Читаем Умолкнет навсегда (ЛП) полностью

Декорация 2. Гостиная в Мадриде. Мигель2 и Дульсинея 2 молча слушают рассказ М. де Сервантеса. Телло де Сандовал в отдалении.

М. де Сервантес. За эту ночь он рассказал все, что считал необходимым сказать. Незадолго до рассвета его увели. Если поднять глаза к небу Испании, то можно сказать: здесь покоится грозный идальго, который бросил вызов всей вселенной. Бесстрашие его распространилось так далеко, что, даже убив его, смерти не удалось восторжествовать над жизнью».

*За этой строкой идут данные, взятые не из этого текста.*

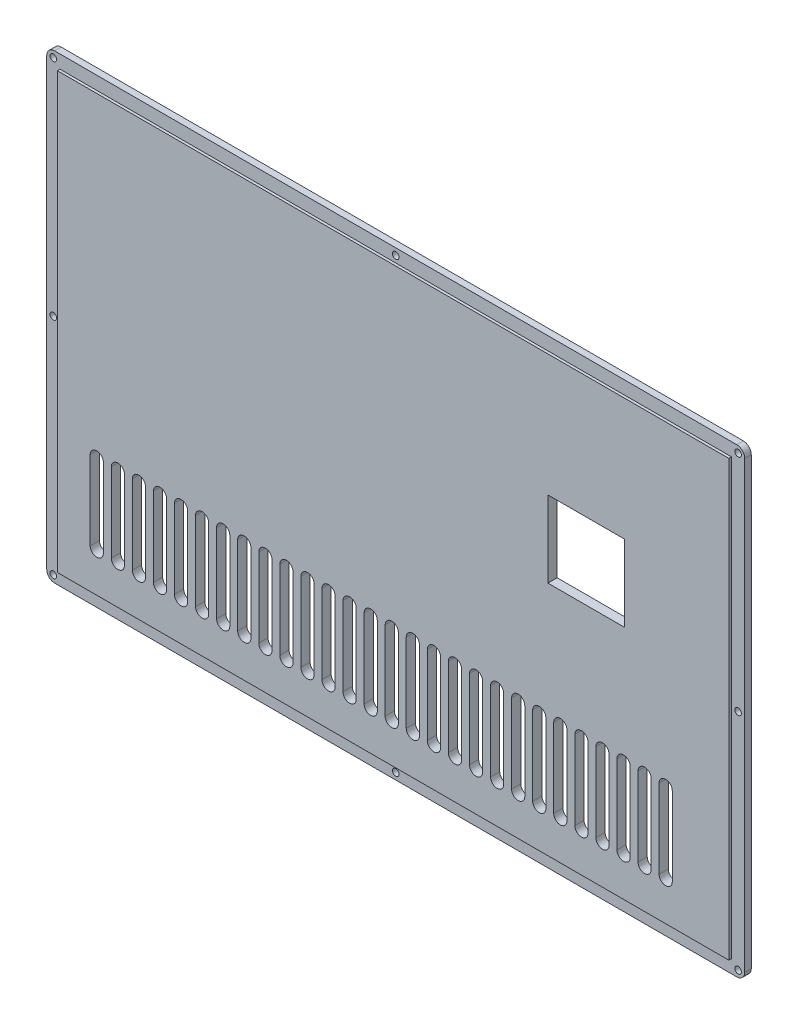
SolidWorks part; units mm, degrees
ref_plane "Front Plane" through (0, 0, 0) normal (0, 0, 1) x (1, 0, 0)
ref_plane "Top Plane" through (0, 0, 0) normal (0, 1, 0) x (1, 0, 0)
ref_plane "Right Plane" through (0, 0, 0) normal (1, 0, 0) x (0, 0, -1)
sketch "Sketch1" plane through (0, 0, 0) normal (0, 0, 1) x (1, 0, 0)
  line L1 (-132.5, 87.5) -> (132.5, 87.5)
  line L2 (-132.5, 87.5) -> (-132.5, -87.5)
  line L3 (-132.5, -87.5) -> (132.5, -87.5)
  line L4 (132.5, 87.5) -> (132.5, -87.5)
  point P4 (-132.5, 0)
  point P6 (0, 87.5)
  dimension "D1" = 265
  dimension "D2" = 175
extrude "Boss-Extrude1" add sketch "Sketch1" along normal blind 2.5
sketch "Sketch2" plane through (0, 0, 2.5) normal (0, 0, 1) x (1, 0, 0)
  line L0 (132.5, 87.5) -> (-132.5, 87.5) construction
  line L1 (-127.5, 82.5) -> (127.5, 82.5)
  line L2 (-127.5, 82.5) -> (-127.5, -82.5)
  line L3 (-127.5, -82.5) -> (127.5, -82.5)
  line L4 (127.5, 82.5) -> (127.5, -82.5)
  line L5 (-132.5, 87.5) -> (-132.5, -87.5) construction
  point P4 (-127.5, 0)
  point P6 (0, 82.5)
  dimension "D1" = 5
  dimension "D2" = 5
extrude "Boss-Extrude2" add sketch "Sketch2" along normal blind 1
sketch "Sketch3" plane through (0, 0, 0) normal (0, 0, -1) x (-1, 0, 0)
  line L0 (132.5, -87.5) -> (-132.5, -87.5) construction
  line L1 (132.5, 87.5) -> (132.5, -87.5) construction
  line L2 (110, -67.5) -> (110, -37.5)
  line L3 (115, -67.5) -> (115, -37.5)
  arc A0 (110, -67.5) -> (115, -67.5) centre (112.5, -67.5) ccw
  arc A1 (115, -37.5) -> (110, -37.5) centre (112.5, -37.5) ccw
  point P11 (112.5, -35)
  point P15 (112.5, -70)
  dimension "D1" = 5
  dimension "D2" = 20
  dimension "D3" = 20
  dimension "D4" = 30
extrude "Cut-Extrude1" cut sketch "Sketch3" against normal through all
pattern_linear "LPattern1" count 28 spacing 8 along (1, 0, 0) of "Cut-Extrude1"
mirror "Mirror2" [suppressed] about plane through (0, 0, 0) normal (0, 1, 0)
fillet "Fillet3" radius 3 4 edges at (132.5, -87.5, 1.25) (132.5, 87.5, 1.25) (-132.5, 87.5, 1.25) (-132.5, -87.5, 1.25)
sketch "Sketch5" plane through (0, 0, 0) normal (0, 0, -1) x (-1, 0, 0)
  line L1 (-58.78, 7.14) -> (-87.78, 7.14)
  line L2 (-58.78, 7.14) -> (-58.78, 36.14)
  line L3 (-58.78, 36.14) -> (-87.78, 36.14)
  line L4 (-87.78, 7.14) -> (-87.78, 36.14)
  line L5 (-132.5, -84.5) -> (-132.5, 84.5) construction
  point P4 (-58.78, 21.64)
  point P5 (-73.28, 7.14)
  dimension "D1" = 29
  dimension "D2" = 29
  dimension "D3" = 21.64
  dimension "D4" = 59.22
extrude "Cut-Extrude3" cut sketch "Sketch5" against normal through all
sketch "Sketch7" plane through (0, 0, 0) normal (0, 0, -1) x (-1, 0, 0)
  line L0 (-129.5, 87.5) -> (129.5, 87.5) construction
  line L1 (130, 85) -> (-130, 85) construction
  line L2 (130, 85) -> (130, -85) construction
  line L3 (130, -85) -> (-130, -85) construction
  line L4 (-130, 85) -> (-130, -85) construction
  line L5 (129.5, -87.5) -> (-129.5, -87.5) construction
  line L6 (132.5, 84.5) -> (132.5, -84.5) construction
  line L7 (-132.5, -84.5) -> (-132.5, 84.5) construction
  circle A0 centre (130, -85) radius 1.25
  circle A1 centre (130, 0) radius 1.25
  circle A2 centre (130, 85) radius 1.25
  circle A3 centre (0, 85) radius 1.25
  circle A4 centre (-130, 85) radius 1.25
  circle A5 centre (-130, 0) radius 1.25
  circle A6 centre (-130, -85) radius 1.25
  circle A7 centre (0, -85) radius 1.25
  dimension "D5" = 2.5
  dimension "D1" = 2.5
  dimension "D2" = 2.5
  dimension "D3" = 2.5
  dimension "D4" = 2.5
extrude "Cut-Extrude4" cut sketch "Sketch7" against normal through all
sketch "Sketch8" plane through (0, 0, 0) normal (0, 0, -1) x (-1, 0, 0)
  line L0 (69.0973, 92.1728) -> (202.4306, 92.1728) construction
  line L1 (85.3423, 47.1146) -> (-9.836, 47.1146)
  line L2 (-33.6608, 23.2899) -> (-33.6608, 20.6474)
  line L3 (-9.836, -3.1774) -> (85.3423, -3.1774)
  line L4 (109.167, 20.6474) -> (109.167, 23.2899)
  line L5 (9.765, 10.2781) -> (10.9597, 11.2255)
  line L6 (24.4102, 24.4248) -> (22.062, 24.4248)
  line L7 (32.0726, 29.8453) -> (30.8984, 28.8759)
  line L8 (22.062, 26.0112) -> (24.4102, 26.0112)
  line L9 (24.4102, 21.2516) -> (22.062, 21.2516)
  line L10 (34.4002, 31.8285) -> (33.2466, 30.837)
  line L11 (22.062, 22.8382) -> (24.3277, 22.8382)
  line L12 (12.0719, 12.2611) -> (13.2254, 13.2529)
  line L13 (22.062, 19.665) -> (24.3277, 19.665)
  line L14 (14.3995, 14.2446) -> (15.5736, 15.2139)
  line L15 (24.4102, 18.0785) -> (22.062, 18.0785)
  line L16 (36.7071, 33.8117) -> (35.5125, 32.8641)
  line L17 (62.0839, 16.6943) -> (63.2168, 15.7467)
  line L18 (63.2373, 28.7028) -> (62.0632, 27.7966)
  line L19 (64.4114, 14.8404) -> (65.5237, 13.8723)
  line L20 (65.5649, 30.5566) -> (64.4114, 29.6298)
  line L21 (66.6773, 12.9454) -> (67.8514, 12.0389)
  line L22 (67.8719, 32.4105) -> (66.6773, 31.5247)
  line L23 (93.1662, 16.6943) -> (94.299, 15.7467)
  line L24 (94.3196, 28.7028) -> (93.1455, 27.7966)
  line L25 (95.4936, 14.8404) -> (96.606, 13.8723)
  line L26 (96.6472, 30.5566) -> (95.4936, 29.6298)
  line L27 (97.7595, 12.9454) -> (98.9336, 12.0389)
  line L28 (98.9542, 32.4105) -> (97.7595, 31.5247)
  line L29 (132.5, 0) -> (-55.3342, 0) construction
  line L30 (132.5, 84.5) -> (132.5, -84.5) construction
  spline S0 degree 3 poles (2.0716, 26.8386) (1.4466, 28.3012) (0.6021, 29.5644) (-0.4619, 30.6288) knots 15 15 15 15 16 16 16 16
  spline S1 degree 3 poles (2.0716, 17.6314) (2.6963, 19.0939) (3.0088, 20.6285) (3.0088, 22.2352) (3.0088, 23.8418) (2.6963, 25.3762) (2.0716, 26.8386) knots 13 13 13 13 14 14 14 15 15 15 15
  spline S2 degree 3 poles (-0.4619, 13.8415) (0.6021, 14.9055) (1.4466, 16.169) (2.0716, 17.6314) knots 12 12 12 12 13 13 13 13
  spline S3 degree 3 poles (-4.252, 11.3078) (-2.7895, 11.9325) (-1.5263, 12.777) (-0.4619, 13.8415) knots 11 11 11 11 12 12 12 12
  spline S4 degree 3 poles (-13.4592, 11.3078) (-11.9968, 10.6829) (-10.4622, 10.3707) (-8.8556, 10.3707) (-7.249, 10.3707) (-5.7145, 10.6829) (-4.252, 11.3078) knots 9 9 9 9 10 10 10 11 11 11 11
  spline S5 degree 3 poles (-17.2493, 13.8415) (-16.1853, 12.777) (-14.9217, 11.9325) (-13.4592, 11.3078) knots 8 8 8 8 9 9 9 9
  spline S6 degree 3 poles (-19.7829, 17.6314) (-19.1581, 16.169) (-18.3137, 14.9055) (-17.2493, 13.8415) knots 7 7 7 7 8 8 8 8
  spline S7 degree 3 poles (-19.7829, 26.8386) (-20.4079, 25.3762) (-20.7201, 23.8418) (-20.7201, 22.2352) (-20.7201, 20.6285) (-20.4079, 19.0939) (-19.7829, 17.6314) knots 5 5 5 5 6 6 6 7 7 7 7
  spline S8 degree 3 poles (-17.2493, 30.6288) (-18.3137, 29.5644) (-19.1581, 28.3012) (-19.7829, 26.8386) knots 4 4 4 4 5 5 5 5
  spline S9 degree 3 poles (-13.4592, 33.1623) (-14.9217, 32.5372) (-16.1853, 31.6928) (-17.2493, 30.6288) knots 3 3 3 3 4 4 4 4
  spline S10 degree 3 poles (-4.252, 33.1623) (-5.7145, 33.7871) (-7.249, 34.0996) (-8.8556, 34.0996) (-10.4622, 34.0996) (-11.9968, 33.7871) (-13.4592, 33.1623) knots 1 1 1 1 2 2 2 3 3 3 3
  spline S11 degree 3 poles (-0.4619, 30.6288) (-1.5263, 31.6928) (-2.7895, 32.5372) (-4.252, 33.1623) knots 0 0 0 0 1 1 1 1
  spline S12 degree 3 poles (0.1354, 27.4464) (1.0623, 25.8531) (1.5257, 24.1164) (1.5257, 22.2352) (1.5257, 20.3536) (1.0623, 18.6165) (0.1354, 17.0238) knots 10 10 10 10 11 11 11 12 12 12 12
  spline S13 degree 3 poles (-3.6443, 31.226) (-2.0515, 30.2993) (-0.7915, 29.0393) (0.1354, 27.4464) knots 9 9 9 9 10 10 10 10
  spline S14 degree 3 poles (-14.0669, 31.226) (-12.4741, 32.153) (-10.7372, 32.6165) (-8.8556, 32.6165) (-6.9744, 32.6165) (-5.2375, 32.153) (-3.6443, 31.226) knots 7 7 7 7 8 8 8 9 9 9 9
  spline S15 degree 3 poles (-17.8467, 27.4464) (-16.9197, 29.0393) (-15.6601, 30.2993) (-14.0669, 31.226) knots 6 6 6 6 7 7 7 7
  spline S16 degree 3 poles (-17.8467, 17.0238) (-18.7735, 18.6165) (-19.237, 20.3536) (-19.237, 22.2352) (-19.237, 24.1164) (-18.7735, 25.8531) (-17.8467, 27.4464) knots 4 4 4 4 5 5 5 6 6 6 6
  spline S17 degree 3 poles (-14.0669, 13.244) (-15.6601, 14.171) (-16.9197, 15.4307) (-17.8467, 17.0238) knots 3 3 3 3 4 4 4 4
  spline S18 degree 3 poles (-3.6443, 13.244) (-5.2375, 12.3172) (-6.9744, 11.8536) (-8.8556, 11.8536) (-10.7372, 11.8536) (-12.4741, 12.3172) (-14.0669, 13.244) knots 1 1 1 1 2 2 2 3 3 3 3
  spline S19 degree 3 poles (0.1354, 17.0238) (-0.7915, 15.4307) (-2.0515, 14.171) (-3.6443, 13.244) knots 0 0 0 0 1 1 1 1
  spline S20 degree 3 poles (-2.563, 28.5175) (-4.3003, 30.2612) (-6.3977, 31.1334) (-8.8556, 31.1334) knots 7 7 7 7 8 8 8 8
  spline S21 degree 3 poles (-2.563, 15.9527) (-0.8259, 17.6964) (0.0427, 19.7906) (0.0427, 22.2352) (0.0427, 24.6791) (-0.8259, 26.7734) (-2.563, 28.5175) knots 5 5 5 5 6 6 6 7 7 7 7
  spline S22 degree 3 poles (-15.1483, 15.9527) (-13.4113, 14.2086) (-11.3138, 13.3367) (-8.8556, 13.3367) (-6.3977, 13.3367) (-4.3003, 14.2086) (-2.563, 15.9527) knots 3 3 3 3 4 4 4 5 5 5 5
  spline S23 degree 3 poles (-15.1483, 28.5175) (-16.8857, 26.7734) (-17.754, 24.6791) (-17.754, 22.2352) (-17.754, 19.7906) (-16.8857, 17.6964) (-15.1483, 15.9527) knots 1 1 1 1 2 2 2 3 3 3 3
  spline S24 degree 3 poles (-8.8556, 31.1334) (-11.3138, 31.1334) (-13.4113, 30.2612) (-15.1483, 28.5175) knots 0 0 0 0 1 1 1 1
  spline S25 degree 3 poles (4.8009, 27.9922) (4.0181, 29.8254) (2.964, 31.4045) (1.639, 32.7298) knots 15 15 15 15 16 16 16 16
  spline S26 degree 3 poles (4.8009, 16.478) (5.5836, 18.3112) (5.9749, 20.2301) (5.9749, 22.2352) (5.9749, 24.2399) (5.5836, 26.159) (4.8009, 27.9922) knots 13 13 13 13 14 14 14 15 15 15 15
  spline S27 degree 3 poles (1.639, 11.7404) (2.964, 13.0655) (4.0181, 14.6446) (4.8009, 16.478) knots 12 12 12 12 13 13 13 13
  spline S28 degree 3 poles (-3.0985, 8.5786) (-1.2652, 9.3612) (0.3137, 10.4151) (1.639, 11.7404) knots 11 11 11 11 12 12 12 12
  spline S29 degree 3 poles (-14.6128, 8.5786) (-12.7795, 7.796) (-10.8607, 7.4045) (-8.8556, 7.4045) (-6.8509, 7.4045) (-4.9317, 7.796) (-3.0985, 8.5786) knots 9 9 9 9 10 10 10 11 11 11 11
  spline S30 degree 3 poles (-19.3503, 11.7404) (-18.0253, 10.4151) (-16.446, 9.3612) (-14.6128, 8.5786) knots 8 8 8 8 9 9 9 9
  spline S31 degree 3 poles (-22.5121, 16.478) (-21.7294, 14.6446) (-20.6757, 13.0655) (-19.3503, 11.7404) knots 7 7 7 7 8 8 8 8
  spline S32 degree 3 poles (-22.5121, 27.9922) (-23.2948, 26.159) (-23.6862, 24.2399) (-23.6862, 22.2352) (-23.6862, 20.2301) (-23.2948, 18.3112) (-22.5121, 16.478) knots 5 5 5 5 6 6 6 7 7 7 7
  spline S33 degree 3 poles (-19.3503, 32.7298) (-20.6757, 31.4045) (-21.7294, 29.8254) (-22.5121, 27.9922) knots 4 4 4 4 5 5 5 5
  spline S34 degree 3 poles (-14.6128, 35.8915) (-16.446, 35.1088) (-18.0253, 34.0547) (-19.3503, 32.7298) knots 3 3 3 3 4 4 4 4
  spline S35 degree 3 poles (-3.0985, 35.8915) (-4.9317, 36.6743) (-6.8509, 37.0656) (-8.8556, 37.0656) (-10.8607, 37.0656) (-12.7795, 36.6743) (-14.6128, 35.8915) knots 1 1 1 1 2 2 2 3 3 3 3
  spline S36 degree 3 poles (1.639, 32.7298) (0.3137, 34.0547) (-1.2652, 35.1088) (-3.0985, 35.8915) knots 0 0 0 0 1 1 1 1
  spline S37 degree 3 poles (3.4311, 27.4257) (4.1381, 25.778) (4.4919, 24.0478) (4.4919, 22.2352) (4.4919, 20.4225) (4.1381, 18.6922) (3.4311, 17.0443) knots 14 14 14 14 15 15 15 16 16 16 16
  spline S38 degree 3 poles (0.5885, 31.6792) (1.7762, 30.4914) (2.7237, 29.0737) (3.4311, 27.4257) knots 13 13 13 13 14 14 14 14
  spline S39 degree 3 poles (-3.6649, 34.5217) (-2.0171, 33.8143) (-0.5994, 32.8669) (0.5885, 31.6792) knots 12 12 12 12 13 13 13 13
  spline S40 degree 3 poles (-14.0463, 34.5217) (-12.3985, 35.2288) (-10.6682, 35.5825) (-8.8556, 35.5825) (-7.043, 35.5825) (-5.3128, 35.2288) (-3.6649, 34.5217) knots 10 10 10 10 11 11 11 12 12 12 12
  spline S41 degree 3 poles (-18.2998, 31.6792) (-17.1122, 32.8669) (-15.6942, 33.8143) (-14.0463, 34.5217) knots 9 9 9 9 10 10 10 10
  spline S42 degree 3 poles (-21.1423, 27.4257) (-20.4352, 29.0737) (-19.4878, 30.4914) (-18.2998, 31.6792) knots 8 8 8 8 9 9 9 9
  spline S43 degree 3 poles (-21.1423, 17.0443) (-21.8498, 18.6922) (-22.2031, 20.4225) (-22.2031, 22.2352) (-22.2031, 24.0478) (-21.8498, 25.778) (-21.1423, 27.4257) knots 6 6 6 6 7 7 7 8 8 8 8
  spline S44 degree 3 poles (-18.2998, 12.7909) (-19.4878, 13.9786) (-20.4352, 15.3966) (-21.1423, 17.0443) knots 5 5 5 5 6 6 6 6
  spline S45 degree 3 poles (-14.0463, 9.9483) (-15.6942, 10.6554) (-17.1122, 11.6029) (-18.2998, 12.7909) knots 4 4 4 4 5 5 5 5
  spline S46 degree 3 poles (-3.6649, 9.9483) (-5.3128, 9.241) (-7.043, 8.8876) (-8.8556, 8.8876) (-10.6682, 8.8876) (-12.3985, 9.241) (-14.0463, 9.9483) knots 2 2 2 2 3 3 3 4 4 4 4
  spline S47 degree 3 poles (0.5885, 12.7909) (-0.5994, 11.6029) (-2.0171, 10.6554) (-3.6649, 9.9483) knots 1 1 1 1 2 2 2 2
  spline S48 degree 3 poles (3.4311, 17.0443) (2.7237, 15.3966) (1.7762, 13.9786) (0.5885, 12.7909) knots 0 0 0 0 1 1 1 1
  spline S49 degree 3 poles (-9.836, 47.1146) (-22.9941, 47.1146) (-33.6608, 36.4479) (-33.6608, 23.2899) knots 1 1 1 1 2 2 2 2
  spline S50 degree 3 poles (-33.6608, 20.6474) (-33.6608, 7.4893) (-22.9941, -3.1774) (-9.836, -3.1774) knots 3 3 3 3 4 4 4 4
  spline S51 degree 3 poles (85.3423, -3.1774) (98.5003, -3.1774) (109.167, 7.4893) (109.167, 20.6474) knots 5 5 5 5 6 6 6 6
  spline S52 degree 3 poles (109.167, 23.2899) (109.167, 36.4479) (98.5003, 47.1146) (85.3423, 47.1146) knots 7 7 7 7 8 8 8 8
  spline S53 degree 3 poles (6.1603, 28.569) (7.0254, 26.5571) (7.458, 24.4459) (7.458, 22.2352) (7.458, 20.0241) (7.0254, 17.9127) (6.1603, 15.9012) knots 14 14 14 14 15 15 15 16 16 16 16
  spline S54 degree 3 poles (2.6792, 33.7701) (4.1346, 32.3143) (5.2952, 30.5805) (6.1603, 28.569) knots 13 13 13 13 14 14 14 14
  spline S55 degree 3 poles (-2.5217, 37.2509) (-0.5102, 36.3859) (1.2235, 35.2253) (2.6792, 33.7701) knots 12 12 12 12 13 13 13 13
  spline S56 degree 3 poles (-15.1895, 37.2509) (-13.178, 38.116) (-11.0667, 38.5486) (-8.8556, 38.5486) (-6.6449, 38.5486) (-4.5336, 38.116) (-2.5217, 37.2509) knots 10 10 10 10 11 11 11 12 12 12 12
  spline S57 degree 3 poles (-20.3905, 33.7701) (-18.9351, 35.2253) (-17.2014, 36.3859) (-15.1895, 37.2509) knots 9 9 9 9 10 10 10 10
  spline S58 degree 3 poles (-23.8715, 28.569) (-23.0065, 30.5805) (-21.8462, 32.3143) (-20.3905, 33.7701) knots 8 8 8 8 9 9 9 9
  spline S59 degree 3 poles (-23.8715, 15.9012) (-24.7366, 17.9127) (-25.1693, 20.0241) (-25.1693, 22.2352) (-25.1693, 24.4459) (-24.7366, 26.5571) (-23.8715, 28.569) knots 6 6 6 6 7 7 7 8 8 8 8
  spline S60 degree 3 poles (-20.3905, 10.7003) (-21.8462, 12.1555) (-23.0065, 13.8893) (-23.8715, 15.9012) knots 5 5 5 5 6 6 6 6
  spline S61 degree 3 poles (-15.1895, 7.2191) (-17.2014, 8.0841) (-18.9351, 9.2445) (-20.3905, 10.7003) knots 4 4 4 4 5 5 5 5
  spline S62 degree 3 poles (-2.5217, 7.2191) (-4.5336, 6.354) (-6.6449, 5.9214) (-8.8556, 5.9214) (-11.0667, 5.9214) (-13.178, 6.354) (-15.1895, 7.2191) knots 2 2 2 2 3 3 3 4 4 4 4
  spline S63 degree 3 poles (2.6792, 10.7003) (1.2235, 9.2445) (-0.5102, 8.0841) (-2.5217, 7.2191) knots 1 1 1 1 2 2 2 2
  spline S64 degree 3 poles (6.1603, 15.9012) (5.2952, 13.8893) (4.1346, 12.1555) (2.6792, 10.7003) knots 0 0 0 0 1 1 1 1
  spline S65 degree 3 poles (35.4713, 11.7545) (34.8808, 10.5058) (34.0325, 9.4078) (32.9274, 8.4604) knots 0 0 0 0 1 1 1 1
  spline S66 degree 3 poles (32.9274, 8.4604) (31.8218, 7.5126) (30.4109, 6.7636) (28.6945, 6.2127) knots 1 1 1 1 2 2 2 2
  spline S67 degree 3 poles (28.6945, 6.2127) (26.9778, 5.6617) (25.0692, 5.3862) (22.9683, 5.3862) knots 2 2 2 2 3 3 3 3
  spline S68 degree 3 poles (22.9683, 5.3862) (20.3179, 5.3862) (17.8394, 5.816) (15.5324, 6.6754) knots 3 3 3 3 4 4 4 4
  spline S69 degree 3 poles (15.5324, 6.6754) (13.2254, 7.5347) (11.3027, 8.7357) (9.765, 10.2781) knots 4 4 4 4 5 5 5 5
  spline S70 degree 3 poles (10.9597, 11.2255) (12.3603, 9.8738) (14.1112, 8.8272) (16.2121, 8.0855) knots 6 6 6 6 7 7 7 7
  spline S71 degree 3 poles (16.2121, 8.0855) (18.3132, 7.3436) (20.565, 6.9728) (22.9683, 6.9728) knots 7 7 7 7 8 8 8 8
  spline S72 degree 3 poles (22.9683, 6.9728) (26.6759, 6.9728) (29.5871, 7.8102) (31.7018, 9.4848) knots 8 8 8 8 9 9 9 9
  spline S73 degree 3 poles (31.7018, 9.4848) (33.8163, 11.1596) (34.874, 13.2529) (34.874, 15.7649) knots 9 9 9 9 10 10 10 10
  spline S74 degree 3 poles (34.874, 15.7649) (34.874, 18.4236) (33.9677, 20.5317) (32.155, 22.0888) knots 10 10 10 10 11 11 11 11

Телло де Сандовал(Мигелю 2 и Дульсинее 2). Мой благородный друг говорит о персонаже романа, который бросил вызов времени. Что же касается Тасита де Ангелеса, или, вернее, Эмета бен Энгели, то он умер на костре. Пламя поднялось быстро и высоко. Старый еврей улетучился беззвучно. Как и положено, убив его, смерть восторжествовала над жизнью. Доказательством служит то, что сегодня никто о нем и не помнит.

Дульсинея 2. А Дульсинея?

Телло де Сандовал. Ни в чем полезном она не созналась, но и не раскаялась ни в чем. С ней поступили так, как поступают с еретиками.

Сцена 3.12

Декорация 5. Камера Сервантеса. На следующее утро после казни Тасита. С пером в руке Сервантес размышляет над чистым листом бумаги. Тюремщик впускает Сандовала.

Сандовал. Пламя поднялось чуть ли не к вашей бойнице. Вы видели?

Сервантес. Нет.

Сандовал. Редко бывает, чтобы все кончалось так быстро. Можно подумать, что его Бог собственноручно утянул к себе за волосы.

Сервантес. А Дульсинея?

Сандовал. Признаться…

Сервантес. Когда?

Сандовал. Сегодня, во второй половине дня. Мне не хотелось, чтобы казнь старика была публичной. В эти дни реакцию толпы довольно трудно предвидеть. Другое дело — тело юной женщины: истинных любителей это всегда привлекает.

Пауза.

Сандовал(Замечает перо и бумагу). Вам надо описать его жизнь, как он об этом просил. Святая Инквизиция поощряет все проявления раскаяния, даже помещенные в биографию: жития святых и мучеников, последние слова казненных, всякие смешные случаи — все это прекрасный воспитательный материал.

Сандовал уходит. Пауза. Входит Тюремщик.

Тюремщик. Я сделал, как вы меня просили. Для старого господина. Хворост сухой, как август в Кастилье, и в большом количестве.

Сервантес. Знаю.

Тюремщик. Вроде бы он не мучился. Но со слепыми — поди знай, что у них внутри происходит.

Сервантес. Спасибо.

Тюремщик. Это еще не все. К вам тут пришли. По просьбе моего брата.

Тюремщик впускает Санчо. Некоторое время Санчо и Сервантес молча смотрят друг на друга, потом бросаются друг другу в объятия.

Санчо. Молодой хозяин.

Тюремщик(Санчо). Не буду мешать невинным признаниям.

Тюремщик выходит.

Санчо. Как вы себя чувствуете?

Сервантес. Как видишь, я перестал быть молодым, но все еще в ожидании мудрой зрелости.

Санчо. Мудрым было бы послушаться папеньку и поступить в мадридскую семинарию.

Сервантес. Некоторые из нас совсем не меняются.

Санчо. Меняться? Вы что, не видите, куда приводят нас изменения! Дон Тасит теперь — просто кусочек голубого неба (Крестится). А вы…

Сервантес. А Дульсинея… Как он мог?

Санчо. Надо и его понять, дон Мигель. Он ведь отец ей. Что он мог еще сделать? И потом, барышня Дульсинея отказывалась говорить…

Сервантес. Ты видел ее?

Санчо. Я был там после дискуссии, когда их обеих привели.

Сервантес. Дульсинею и Марселу?

Санчо. Нет! Барышню Дульсинею и эту безумную интриганку, которую мы встретили на постоялом дворе.

Сервантес. Анну Феликс?

Санчо. Разум ее был особенно нетверд, однако она не отчаивалась найти своего Принца Иудейского.

Сервантес. Что дальше?

Санчо. Инквизитор спросил Дульсинею, узнаёт ли она дона Тасита.

Сервантес. И?

Санчо. Дульсинея промолчала. Болтлива, как камень! А хороша была и величественна, как богиня. Тогда Инквизитор спрашивает сумасшедшую, отец ли ей дон Тасит.

Сервантес. И что?

Санчо. Та тоже промолчала. Тогда Инквизитор приказывает подвести обеих женщин к дону Таситу, чтобы он руками определил их черты.

Пауза.

Сервантес. Продолжай, не останавливайся!